**YOUR TASK**:
Transcribe the whole listing below. Pictures do not go in the copy.
━━━━
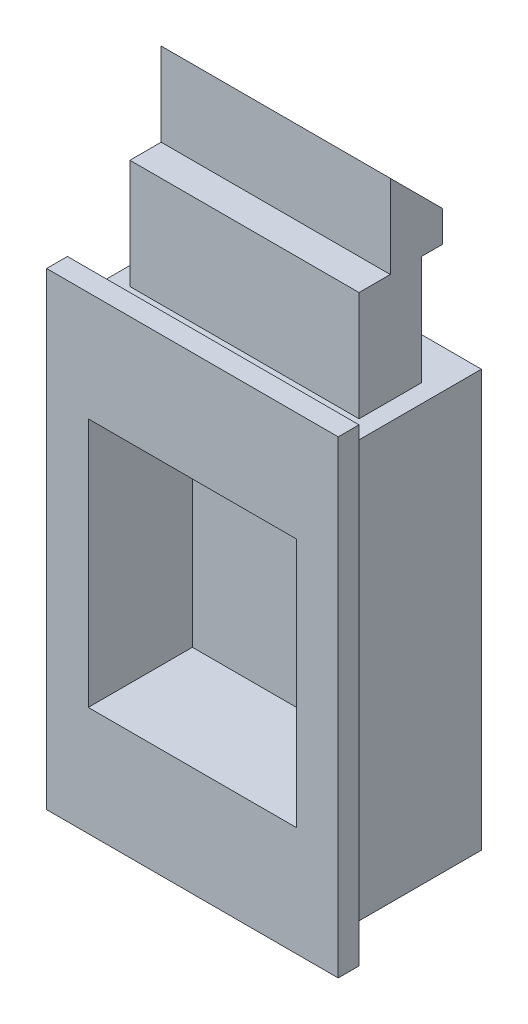
SolidWorks part; units mm, degrees
ref_plane "前视基准面" through (0, 0, 0) normal (0, 0, 1) x (1, 0, 0)
ref_plane "上视基准面" through (0, 0, 0) normal (0, 1, 0) x (1, 0, 0)
ref_plane "右视基准面" through (0, 0, 0) normal (1, 0, 0) x (0, 0, -1)
sketch "草图1" plane through (0, 0, 0) normal (0, 0, 1) x (1, 0, 0)
  line L1 (14, -22.5) -> (-14, -22.5)
  line L2 (14, -22.5) -> (14, 22.5)
  line L3 (14, 22.5) -> (-14, 22.5)
  line L4 (-14, -22.5) -> (-14, 22.5)
  line L5 (14, -22.5) -> (-14, 22.5) construction
  line L6 (14, 22.5) -> (-14, -22.5) construction
  point P0 (0, 0)
  dimension "D1" = 28
  dimension "D2" = 45
extrude "凸台-拉伸1" add sketch "草图1" along normal blind 2
sketch "草图2" plane through (0, 0, 0) normal (0, 0, -1) x (-1, 0, 0)
  line L1 (-12.75, 20) -> (12.75, 20)
  line L2 (-12.75, 20) -> (-12.75, -20)
  line L3 (-12.75, -20) -> (12.75, -20)
  line L4 (12.75, 20) -> (12.75, -20)
  line L5 (-12.75, 20) -> (12.75, -20) construction
  line L6 (-12.75, -20) -> (12.75, 20) construction
  point P0 (0, 0)
  dimension "D1" = 25.5
  dimension "D2" = 40
extrude "凸台-拉伸2" add sketch "草图2" along normal blind 13
sketch "草图3" plane through (0, 0, 0) normal (1, 0, 0) x (0, 0, -1)
  line L0 (13, 20) -> (0, 20) construction
  line L1 (3, 20) -> (9, 20)
  line L2 (3, 20) -> (3, 30.5)
  line L3 (3, 30.5) -> (6, 30.5)
  line L4 (9, 20) -> (9, 30.5)
  line L5 (-2, 22.5) -> (0, 22.5) construction
  line L6 (6, 30.5) -> (6, 38.5)
  line L7 (6, 38.5) -> (11, 33.5)
  line L8 (11, 33.5) -> (11, 30.5)
  line L9 (11, 30.5) -> (9, 30.5)
  line L10 (0, -22.5) -> (0, 22.5) construction
  dimension "D1" = 8
  dimension "D2" = 6
  dimension "D3" = 8
  dimension "D4" = 3
  dimension "D5" = 3
  dimension "D6" = 8
  dimension "D7" = 2
extrude "凸台-拉伸3" add sketch "草图3" along normal mid plane 22
sketch "草图4" plane through (0, 0, 2) normal (0, 0, 1) x (1, 0, 0)
  line L1 (-10, 12) -> (10, 12)
  line L2 (-10, 12) -> (-10, -12)
  line L3 (-10, -12) -> (10, -12)
  line L4 (10, 12) -> (10, -12)
  line L5 (-10, 12) -> (10, -12) construction
  line L6 (-10, -12) -> (10, 12) construction
  point P0 (0, 0)
  dimension "D1" = 20
  dimension "D2" = 24
extrude "切除-拉伸1" cut sketch "草图4" against normal blind 10
━━━━
**EXPECTED ANSWER**:
SolidWorks part; units mm, degrees
ref_plane "前视基准面" through (0, 0, 0) normal (0, 0, 1) x (1, 0, 0)
ref_plane "上视基准面" through (0, 0, 0) normal (0, 1, 0) x (1, 0, 0)
ref_plane "右视基准面" through (0, 0, 0) normal (1, 0, 0) x (0, 0, -1)
sketch "草图1" plane through (0, 0, 0) normal (0, 0, 1) x (1, 0, 0)
  line L1 (14, -22.5) -> (-14, -22.5)
  line L2 (14, -22.5) -> (14, 22.5)
  line L3 (14, 22.5) -> (-14, 22.5)
  line L4 (-14, -22.5) -> (-14, 22.5)
  line L5 (14, -22.5) -> (-14, 22.5) construction
  line L6 (14, 22.5) -> (-14, -22.5) construction
  point P0 (0, 0)
  dimension "D1" = 28
  dimension "D2" = 45
extrude "凸台-拉伸1" add sketch "草图1" along normal blind 2
sketch "草图2" plane through (0, 0, 0) normal (0, 0, -1) x (-1, 0, 0)
  line L1 (-12.75, 20) -> (12.75, 20)
  line L2 (-12.75, 20) -> (-12.75, -20)
  line L3 (-12.75, -20) -> (12.75, -20)
  line L4 (12.75, 20) -> (12.75, -20)
  line L5 (-12.75, 20) -> (12.75, -20) construction
  line L6 (-12.75, -20) -> (12.75, 20) construction
  point P0 (0, 0)
  dimension "D1" = 25.5
  dimension "D2" = 40
extrude "凸台-拉伸2" add sketch "草图2" along normal blind 13
sketch "草图3" plane through (0, 0, 0) normal (1, 0, 0) x (0, 0, -1)
  line L0 (13, 20) -> (0, 20) construction
  line L1 (3, 20) -> (9, 20)
  line L2 (3, 20) -> (3, 30.5)
  line L3 (3, 30.5) -> (6, 30.5)
  line L4 (9, 20) -> (9, 30.5)
  line L5 (-2, 22.5) -> (0, 22.5) construction
  line L6 (6, 30.5) -> (6, 38.5)
  line L7 (6, 38.5) -> (11, 33.5)
  line L8 (11, 33.5) -> (11, 30.5)
  line L9 (11, 30.5) -> (9, 30.5)
  line L10 (0, -22.5) -> (0, 22.5) construction
  dimension "D1" = 8
  dimension "D2" = 6
  dimension "D3" = 8
  dimension "D4" = 3
  dimension "D5" = 3
  dimension "D6" = 8
  dimension "D7" = 2
extrude "凸台-拉伸3" add sketch "草图3" along normal mid plane 22
sketch "草图4" plane through (0, 0, 2) normal (0, 0, 1) x (1, 0, 0)
  line L1 (-10, 12) -> (10, 12)
  line L2 (-10, 12) -> (-10, -12)
  line L3 (-10, -12) -> (10, -12)
  line L4 (10, 12) -> (10, -12)
  line L5 (-10, 12) -> (10, -12) construction
  line L6 (-10, -12) -> (10, 12) construction
  point P0 (0, 0)
  dimension "D1" = 20
  dimension "D2" = 24
extrude "切除-拉伸1" cut sketch "草图4" against normal blind 10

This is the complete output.